I love satay sauce...actually, I love almost anything Thai!  There are many Thai dishes with chopped up peanuts - three of the best known are the satay (along with the peanut butter), pad Thai, and som tum.  In fact, I'm thinking that maybe adding some roasted, chopped up peanuts, or a little peanut butter, to add that flavor to the boiled peanuts, which are a totally different flavor, but also good in this flavor combination.


----------



## CraigC (Jan 17, 2019)

One of my brothers got the nickname "The Big Steamer" after a pressure cooker exploded on him while doing boiled peanuts for his half-track club one year at the Dade County Youth Fair. Luckily he wasn't injured too badly.


----------



## Linda0818 (Jan 18, 2019)

I love boiled peanuts. I've always boiled them in the shell, though. I can only find raw peanuts in-shell and there's no way I'm going to stand there and shell a whole bag of them


----------



## taxlady (Jan 18, 2019)

Linda0818 said:


> I love boiled peanuts. I've always boiled them in the shell, though. I can only find raw peanuts in-shell and there's no way I'm going to stand there and shell a whole bag of them


Don't you have to shell them after they are boiled? Or do the shells fall off or dissolve or something when they are boiled?


----------



## Linda0818 (Jan 18, 2019)

taxlady said:


> Don't you have to shell them after they are boiled? Or do the shells fall off or dissolve or something when they are boiled?



Nope, they don't fall off or dissolve.
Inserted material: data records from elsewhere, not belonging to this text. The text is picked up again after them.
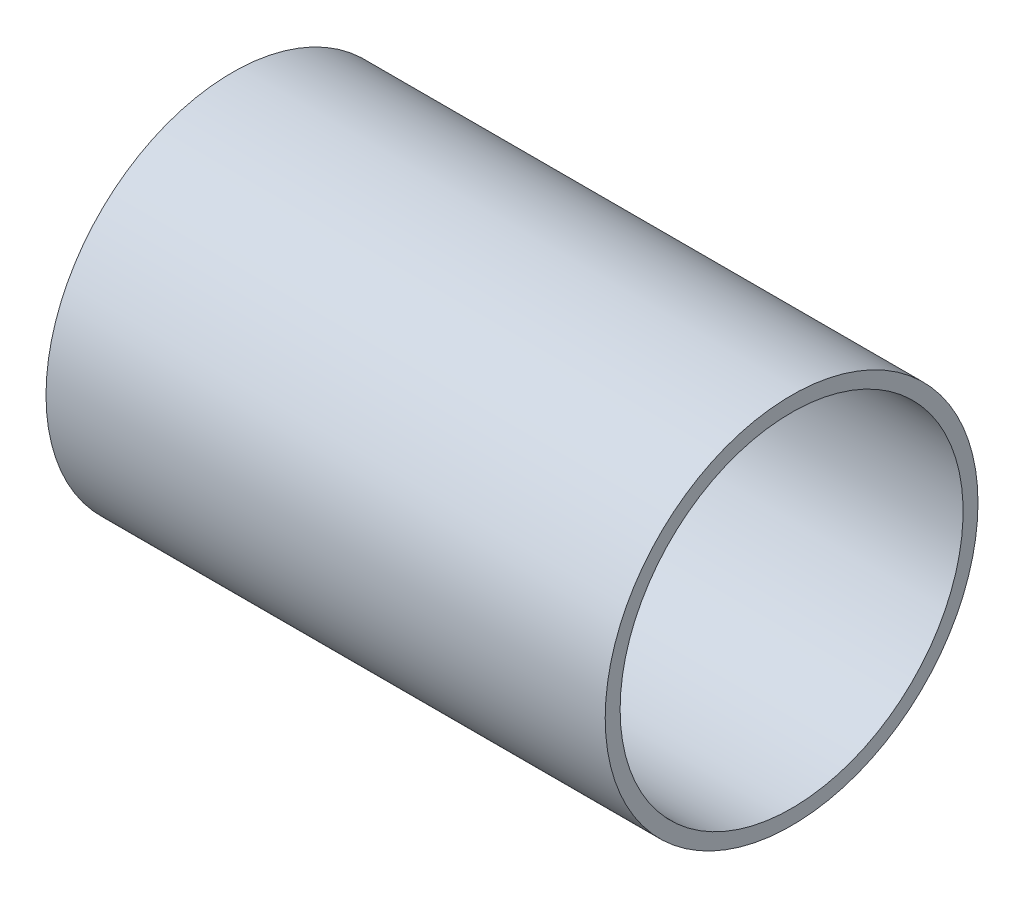
ISO-10303-21;
HEADER;
FILE_DESCRIPTION(('STEP AP214'),'2;1');
FILE_NAME('part.step','',(''),(''),'','','');
FILE_SCHEMA(('AUTOMOTIVE_DESIGN { 1 0 10303 214 1 1 1 1 }'));
ENDSEC;
DATA;
#1=APPLICATION_CONTEXT('core data for automotive mechanical design processes');
#2=APPLICATION_PROTOCOL_DEFINITION('international standard','automotive_design',2000,#1);
#3=PRODUCT_CONTEXT('',#1,'mechanical');
#4=PRODUCT('Part','Part','',(#3));
#5=PRODUCT_RELATED_PRODUCT_CATEGORY('part','',(#4));
#6=PRODUCT_DEFINITION_FORMATION('','',#4);
#7=PRODUCT_DEFINITION_CONTEXT('part definition',#1,'design');
#8=PRODUCT_DEFINITION('design','',#6,#7);
#9=PRODUCT_DEFINITION_SHAPE('','',#8);
#10=(LENGTH_UNIT() NAMED_UNIT(*) SI_UNIT(.MILLI.,.METRE.));
#11=(NAMED_UNIT(*) PLANE_ANGLE_UNIT() SI_UNIT($,.RADIAN.));
#12=(NAMED_UNIT(*) SI_UNIT($,.STERADIAN.) SOLID_ANGLE_UNIT());
#13=UNCERTAINTY_MEASURE_WITH_UNIT(LENGTH_MEASURE(1.E-05),#10,'distance_accuracy_value','');
#14=(GEOMETRIC_REPRESENTATION_CONTEXT(3) GLOBAL_UNCERTAINTY_ASSIGNED_CONTEXT((#13)) GLOBAL_UNIT_ASSIGNED_CONTEXT((#10,
#11,#12)) REPRESENTATION_CONTEXT('',''));
#15=CARTESIAN_POINT('',(0.,0.,0.));
#16=DIRECTION('',(0.,0.,1.));
#17=DIRECTION('',(1.,0.,0.));
#18=AXIS2_PLACEMENT_3D('',#15,#16,#17);
#19=CARTESIAN_POINT('',(45.,0.,0.));
#20=DIRECTION('',(1.,0.,0.));
#21=DIRECTION('',(0.,0.,-1.));
#22=AXIS2_PLACEMENT_3D('',#19,#20,#21);
#23=PLANE('',#22);
#24=CARTESIAN_POINT('',(45.,0.,0.));
#25=DIRECTION('',(1.,0.,0.));
#26=DIRECTION('',(0.,0.,-1.));
#27=AXIS2_PLACEMENT_3D('',#24,#25,#26);
#28=CIRCLE('',#27,15.);
#29=CARTESIAN_POINT('',(45.,0.,15.));
#30=VERTEX_POINT('',#29);
#31=EDGE_CURVE('E10',#30,#30,#28,.T.);
#32=ORIENTED_EDGE('',*,*,#31,.T.);
#33=EDGE_LOOP('',(#32));
#34=FACE_BOUND('',#33,.T.);
#35=CARTESIAN_POINT('',(45.,0.,0.));
#36=DIRECTION('',(1.,0.,0.));
#37=DIRECTION('',(0.,0.,-1.));
#38=AXIS2_PLACEMENT_3D('',#35,#36,#37);
#39=CIRCLE('',#38,13.8);
#40=CARTESIAN_POINT('',(45.,0.,13.8));
#41=VERTEX_POINT('',#40);
#42=EDGE_CURVE('E45',#41,#41,#39,.T.);
#43=ORIENTED_EDGE('',*,*,#42,.F.);
#44=EDGE_LOOP('',(#43));
#45=FACE_BOUND('',#44,.T.);
#46=ADVANCED_FACE('F34',(#34,#45),#23,.T.);
#47=CARTESIAN_POINT('',(0.,0.,0.));
#48=DIRECTION('',(1.,0.,0.));
#49=DIRECTION('',(0.,0.,-1.));
#50=AXIS2_PLACEMENT_3D('',#47,#48,#49);
#51=PLANE('',#50);
#52=CARTESIAN_POINT('',(0.,0.,0.));
#53=DIRECTION('',(1.,0.,0.));
#54=DIRECTION('',(0.,0.,-1.));
#55=AXIS2_PLACEMENT_3D('',#52,#53,#54);
#56=CIRCLE('',#55,15.);
#57=CARTESIAN_POINT('',(0.,0.,15.));
#58=VERTEX_POINT('',#57);
#59=EDGE_CURVE('E38',#58,#58,#56,.T.);
#60=ORIENTED_EDGE('',*,*,#59,.F.);
#61=EDGE_LOOP('',(#60));
#62=FACE_BOUND('',#61,.T.);
#63=CARTESIAN_POINT('',(0.,0.,0.));
#64=DIRECTION('',(1.,0.,0.));
#65=DIRECTION('',(0.,0.,-1.));
#66=AXIS2_PLACEMENT_3D('',#63,#64,#65);
#67=CIRCLE('',#66,13.8);
#68=CARTESIAN_POINT('',(0.,0.,13.8));
#69=VERTEX_POINT('',#68);
#70=EDGE_CURVE('E47',#69,#69,#67,.T.);
#71=ORIENTED_EDGE('',*,*,#70,.T.);
#72=EDGE_LOOP('',(#71));
#73=FACE_BOUND('',#72,.T.);
#74=ADVANCED_FACE('F57',(#62,#73),#51,.F.);
#75=CARTESIAN_POINT('',(45.,0.,0.));
#76=DIRECTION('',(-1.,0.,0.));
#77=DIRECTION('',(0.,0.,1.));
#78=AXIS2_PLACEMENT_3D('',#75,#76,#77);
#79=CYLINDRICAL_SURFACE('',#78,15.);
#80=CARTESIAN_POINT('',(45.,0.,15.));
#81=CARTESIAN_POINT('',(44.53125,0.,15.));
#82=CARTESIAN_POINT('',(44.0625,0.,15.));
#83=CARTESIAN_POINT('',(43.125,0.,15.));
#84=CARTESIAN_POINT('',(42.65625,0.,15.));
#85=CARTESIAN_POINT('',(41.71875,0.,15.));
#86=CARTESIAN_POINT('',(41.25,0.,15.));
#87=CARTESIAN_POINT('',(40.3125,0.,15.));
#88=CARTESIAN_POINT('',(39.84375,0.,15.));
#89=CARTESIAN_POINT('',(38.90625,0.,15.));
#90=CARTESIAN_POINT('',(38.4375,0.,15.));
#91=CARTESIAN_POINT('',(37.5,0.,15.));
#92=CARTESIAN_POINT('',(37.03125,0.,15.));
#93=CARTESIAN_POINT('',(36.09375,0.,15.));
#94=CARTESIAN_POINT('',(35.625,0.,15.));
#95=CARTESIAN_POINT('',(34.6875,0.,15.));
#96=CARTESIAN_POINT('',(34.21875,0.,15.));
#97=CARTESIAN_POINT('',(33.28125,0.,15.));
#98=CARTESIAN_POINT('',(32.8125,0.,15.));
#99=CARTESIAN_POINT('',(31.875,0.,15.));
#100=CARTESIAN_POINT('',(31.40625,0.,15.));
#101=CARTESIAN_POINT('',(30.46875,0.,15.));
#102=CARTESIAN_POINT('',(30.,0.,15.));
#103=CARTESIAN_POINT('',(29.0625,0.,15.));
#104=CARTESIAN_POINT('',(28.59375,0.,15.));
#105=CARTESIAN_POINT('',(27.65625,0.,15.));
#106=CARTESIAN_POINT('',(27.1875,0.,15.));
#107=CARTESIAN_POINT('',(26.25,0.,15.));
#108=CARTESIAN_POINT('',(25.78125,0.,15.));
#109=CARTESIAN_POINT('',(24.84375,0.,15.));
#110=CARTESIAN_POINT('',(24.375,0.,15.));
#111=CARTESIAN_POINT('',(23.4375,0.,15.));
#112=CARTESIAN_POINT('',(22.96875,0.,15.));
#113=CARTESIAN_POINT('',(22.03125,0.,15.));
#114=CARTESIAN_POINT('',(21.5625,0.,15.));
#115=CARTESIAN_POINT('',(20.625,0.,15.));
#116=CARTESIAN_POINT('',(20.15625,0.,15.));
#117=CARTESIAN_POINT('',(19.21875,0.,15.));
#118=CARTESIAN_POINT('',(18.75,0.,15.));
#119=CARTESIAN_POINT('',(17.8125,0.,15.));
#120=CARTESIAN_POINT('',(17.34375,0.,15.));
#121=CARTESIAN_POINT('',(16.40625,0.,15.));
#122=CARTESIAN_POINT('',(15.9375,0.,15.));
#123=CARTESIAN_POINT('',(15.,0.,15.));
#124=CARTESIAN_POINT('',(14.53125,0.,15.));
#125=CARTESIAN_POINT('',(13.59375,0.,15.));
#126=CARTESIAN_POINT('',(13.125,0.,15.));
#127=CARTESIAN_POINT('',(12.1875,0.,15.));
#128=CARTESIAN_POINT('',(11.71875,0.,15.));
#129=CARTESIAN_POINT('',(10.78125,0.,15.));
#130=CARTESIAN_POINT('',(10.3125,0.,15.));
#131=CARTESIAN_POINT('',(9.37499999999999,0.,15.));
#132=CARTESIAN_POINT('',(8.90624999999999,0.,15.));
#133=CARTESIAN_POINT('',(7.96874999999999,0.,15.));
#134=CARTESIAN_POINT('',(7.5,0.,15.));
#135=CARTESIAN_POINT('',(6.56249999999999,0.,15.));
#136=CARTESIAN_POINT('',(6.09374999999999,0.,15.));
#137=CARTESIAN_POINT('',(5.15624999999999,0.,15.));
#138=CARTESIAN_POINT('',(4.68749999999999,0.,15.));
#139=CARTESIAN_POINT('',(3.74999999999999,0.,15.));
#140=CARTESIAN_POINT('',(3.28124999999999,0.,15.));
#141=CARTESIAN_POINT('',(2.34374999999999,0.,15.));
#142=CARTESIAN_POINT('',(1.87499999999999,0.,15.));
#143=CARTESIAN_POINT('',(0.937499999999992,0.,15.));
#144=CARTESIAN_POINT('',(0.468749999999993,0.,15.));
#145=CARTESIAN_POINT('',(0.,0.,15.));
#146=B_SPLINE_CURVE_WITH_KNOTS('',3,(#80,#81,#82,#83,#84,#85,#86,#87,#88,#89,#90,#91,#92,#93,
#94,#95,#96,#97,#98,#99,#100,#101,#102,#103,#104,#105,#106,#107,#108,#109,#110,#111,#112,#113,
#114,#115,#116,#117,#118,#119,#120,#121,#122,#123,#124,#125,#126,#127,#128,#129,#130,#131,#132,
#133,#134,#135,#136,#137,#138,#139,#140,#141,#142,#143,#144,#145),.UNSPECIFIED.,.F.,.F.,(4,2,2,
2,2,2,2,2,2,2,2,2,2,2,2,2,2,2,2,2,2,2,2,2,2,2,2,2,2,2,2,2,4),(0.,1.40625,2.8125,
4.21874999999999,5.625,7.03125,8.43749999999999,9.84375,11.25,12.65625,14.0625,15.46875,16.875,
18.28125,19.6875,21.09375,22.5,23.90625,25.3125,26.71875,28.125,29.53125,30.9375,32.34375,33.75,
35.15625,36.5625,37.96875,39.375,40.78125,42.1875,43.59375,45.),.UNSPECIFIED.);
#147=EDGE_CURVE('BSEAM36',#30,#58,#146,.T.);
#148=ORIENTED_EDGE('',*,*,#31,.F.);
#149=ORIENTED_EDGE('',*,*,#59,.T.);
#150=ORIENTED_EDGE('',*,*,#147,.T.);
#151=ORIENTED_EDGE('',*,*,#147,.F.);
#152=EDGE_LOOP('',(#148,#150,#149,#151));
#153=FACE_BOUND('',#152,.T.);
#154=ADVANCED_FACE('F36',(#153),#79,.T.);
#155=CARTESIAN_POINT('',(45.,0.,0.));
#156=DIRECTION('',(-1.,0.,0.));
#157=DIRECTION('',(0.,0.,1.));
#158=AXIS2_PLACEMENT_3D('',#155,#156,#157);
#159=CYLINDRICAL_SURFACE('',#158,13.8);
#160=CARTESIAN_POINT('',(45.,0.,13.8));
#161=CARTESIAN_POINT('',(44.53125,0.,13.8));
#162=CARTESIAN_POINT('',(44.0625,0.,13.8));
#163=CARTESIAN_POINT('',(43.125,0.,13.8));
#164=CARTESIAN_POINT('',(42.65625,0.,13.8));
#165=CARTESIAN_POINT('',(41.71875,0.,13.8));
#166=CARTESIAN_POINT('',(41.25,0.,13.8));
#167=CARTESIAN_POINT('',(40.3125,0.,13.8));
#168=CARTESIAN_POINT('',(39.84375,0.,13.8));
#169=CARTESIAN_POINT('',(38.90625,0.,13.8));
#170=CARTESIAN_POINT('',(38.4375,0.,13.8));
#171=CARTESIAN_POINT('',(37.5,0.,13.8));
#172=CARTESIAN_POINT('',(37.03125,0.,13.8));
#173=CARTESIAN_POINT('',(36.09375,0.,13.8));
#174=CARTESIAN_POINT('',(35.625,0.,13.8));
#175=CARTESIAN_POINT('',(34.6875,0.,13.8));
#176=CARTESIAN_POINT('',(34.21875,0.,13.8));
#177=CARTESIAN_POINT('',(33.28125,0.,13.8));
#178=CARTESIAN_POINT('',(32.8125,0.,13.8));
#179=CARTESIAN_POINT('',(31.875,0.,13.8));
#180=CARTESIAN_POINT('',(31.40625,0.,13.8));
#181=CARTESIAN_POINT('',(30.46875,0.,13.8));
#182=CARTESIAN_POINT('',(30.,0.,13.8));
#183=CARTESIAN_POINT('',(29.0625,0.,13.8));
#184=CARTESIAN_POINT('',(28.59375,0.,13.8));
#185=CARTESIAN_POINT('',(27.65625,0.,13.8));
#186=CARTESIAN_POINT('',(27.1875,0.,13.8));
#187=CARTESIAN_POINT('',(26.25,0.,13.8));
#188=CARTESIAN_POINT('',(25.78125,0.,13.8));
#189=CARTESIAN_POINT('',(24.84375,0.,13.8));
#190=CARTESIAN_POINT('',(24.375,0.,13.8));
#191=CARTESIAN_POINT('',(23.4375,0.,13.8));
#192=CARTESIAN_POINT('',(22.96875,0.,13.8));
#193=CARTESIAN_POINT('',(22.03125,0.,13.8));
#194=CARTESIAN_POINT('',(21.5625,0.,13.8));
#195=CARTESIAN_POINT('',(20.625,0.,13.8));
#196=CARTESIAN_POINT('',(20.15625,0.,13.8));
#197=CARTESIAN_POINT('',(19.21875,0.,13.8));
#198=CARTESIAN_POINT('',(18.75,0.,13.8));
#199=CARTESIAN_POINT('',(17.8125,0.,13.8));
#200=CARTESIAN_POINT('',(17.34375,0.,13.8));
#201=CARTESIAN_POINT('',(16.40625,0.,13.8));
#202=CARTESIAN_POINT('',(15.9375,0.,13.8));
#203=CARTESIAN_POINT('',(15.,0.,13.8));
#204=CARTESIAN_POINT('',(14.53125,0.,13.8));
#205=CARTESIAN_POINT('',(13.59375,0.,13.8));
#206=CARTESIAN_POINT('',(13.125,0.,13.8));
#207=CARTESIAN_POINT('',(12.1875,0.,13.8));
#208=CARTESIAN_POINT('',(11.71875,0.,13.8));
#209=CARTESIAN_POINT('',(10.78125,0.,13.8));
#210=CARTESIAN_POINT('',(10.3125,0.,13.8));
#211=CARTESIAN_POINT('',(9.375,0.,13.8));
#212=CARTESIAN_POINT('',(8.90625,0.,13.8));
#213=CARTESIAN_POINT('',(7.96874999999999,0.,13.8));
#214=CARTESIAN_POINT('',(7.5,0.,13.8));
#215=CARTESIAN_POINT('',(6.5625,0.,13.8));
#216=CARTESIAN_POINT('',(6.09375,0.,13.8));
#217=CARTESIAN_POINT('',(5.15625,0.,13.8));
#218=CARTESIAN_POINT('',(4.68749999999999,0.,13.8));
#219=CARTESIAN_POINT('',(3.74999999999999,0.,13.8));
#220=CARTESIAN_POINT('',(3.28124999999999,0.,13.8));
#221=CARTESIAN_POINT('',(2.34374999999999,0.,13.8));
#222=CARTESIAN_POINT('',(1.87499999999999,0.,13.8));
#223=CARTESIAN_POINT('',(0.937499999999992,0.,13.8));
#224=CARTESIAN_POINT('',(0.468749999999993,0.,13.8));
#225=CARTESIAN_POINT('',(0.,0.,13.8));
#226=B_SPLINE_CURVE_WITH_KNOTS('',3,(#160,#161,#162,#163,#164,#165,#166,#167,#168,#169,#170,
#171,#172,#173,#174,#175,#176,#177,#178,#179,#180,#181,#182,#183,#184,#185,#186,#187,#188,#189,
#190,#191,#192,#193,#194,#195,#196,#197,#198,#199,#200,#201,#202,#203,#204,#205,#206,#207,#208,
#209,#210,#211,#212,#213,#214,#215,#216,#217,#218,#219,#220,#221,#222,#223,#224,#225),
.UNSPECIFIED.,.F.,.F.,(4,2,2,2,2,2,2,2,2,2,2,2,2,2,2,2,2,2,2,2,2,2,2,2,2,2,2,2,2,2,2,2,4),(0.,
1.40625,2.8125,4.21875000000001,5.62500000000001,7.03125,8.4375,9.84375000000001,11.25,12.65625,
14.0625,15.46875,16.875,18.28125,19.6875,21.09375,22.5,23.90625,25.3125,26.71875,28.125,
29.53125,30.9375,32.34375,33.75,35.15625,36.5625,37.96875,39.375,40.78125,42.1875,43.59375,45.),.UNSPECIFIED.);
#227=EDGE_CURVE('BSEAM53',#41,#69,#226,.T.);
#228=ORIENTED_EDGE('',*,*,#42,.T.);
#229=ORIENTED_EDGE('',*,*,#70,.F.);
#230=ORIENTED_EDGE('',*,*,#227,.T.);
#231=ORIENTED_EDGE('',*,*,#227,.F.);
#232=EDGE_LOOP('',(#228,#230,#229,#231));
#233=FACE_BOUND('',#232,.T.);
#234=ADVANCED_FACE('F53',(#233),#159,.F.);
#235=CLOSED_SHELL('',(#46,#74,#154,#234));
#236=MANIFOLD_SOLID_BREP('B2',#235);
#237=ADVANCED_BREP_SHAPE_REPRESENTATION('',(#18,#236),#14);
#238=SHAPE_DEFINITION_REPRESENTATION(#9,#237);
ENDSEC;
END-ISO-10303-21;

Once the peanuts have boiled for a couple of hours, I drain them and let them cool, then start munching on them, pulling the shell off as I would any shelled peanut


----------



## pepperhead212 (Jan 18, 2019)

The shells become VERY soft, and pull off of the nuts, which very soft, and almost slimy, when boiled for several hours in the shells.  That's how I remember them, but it's been decades since I had them that way!


----------



## Linda0818 (Jan 18, 2019)

pepperhead212 said:


> The shells become VERY soft, and pull off of the nuts, which very soft, and almost slimy, when boiled for several hours in the shells.  That's how I remember them, but it's been decades since I had them that way!



They do become soft (never had slimy ones, haha) but you still have to peel them off. Some of the shells stay completely sealed.


----------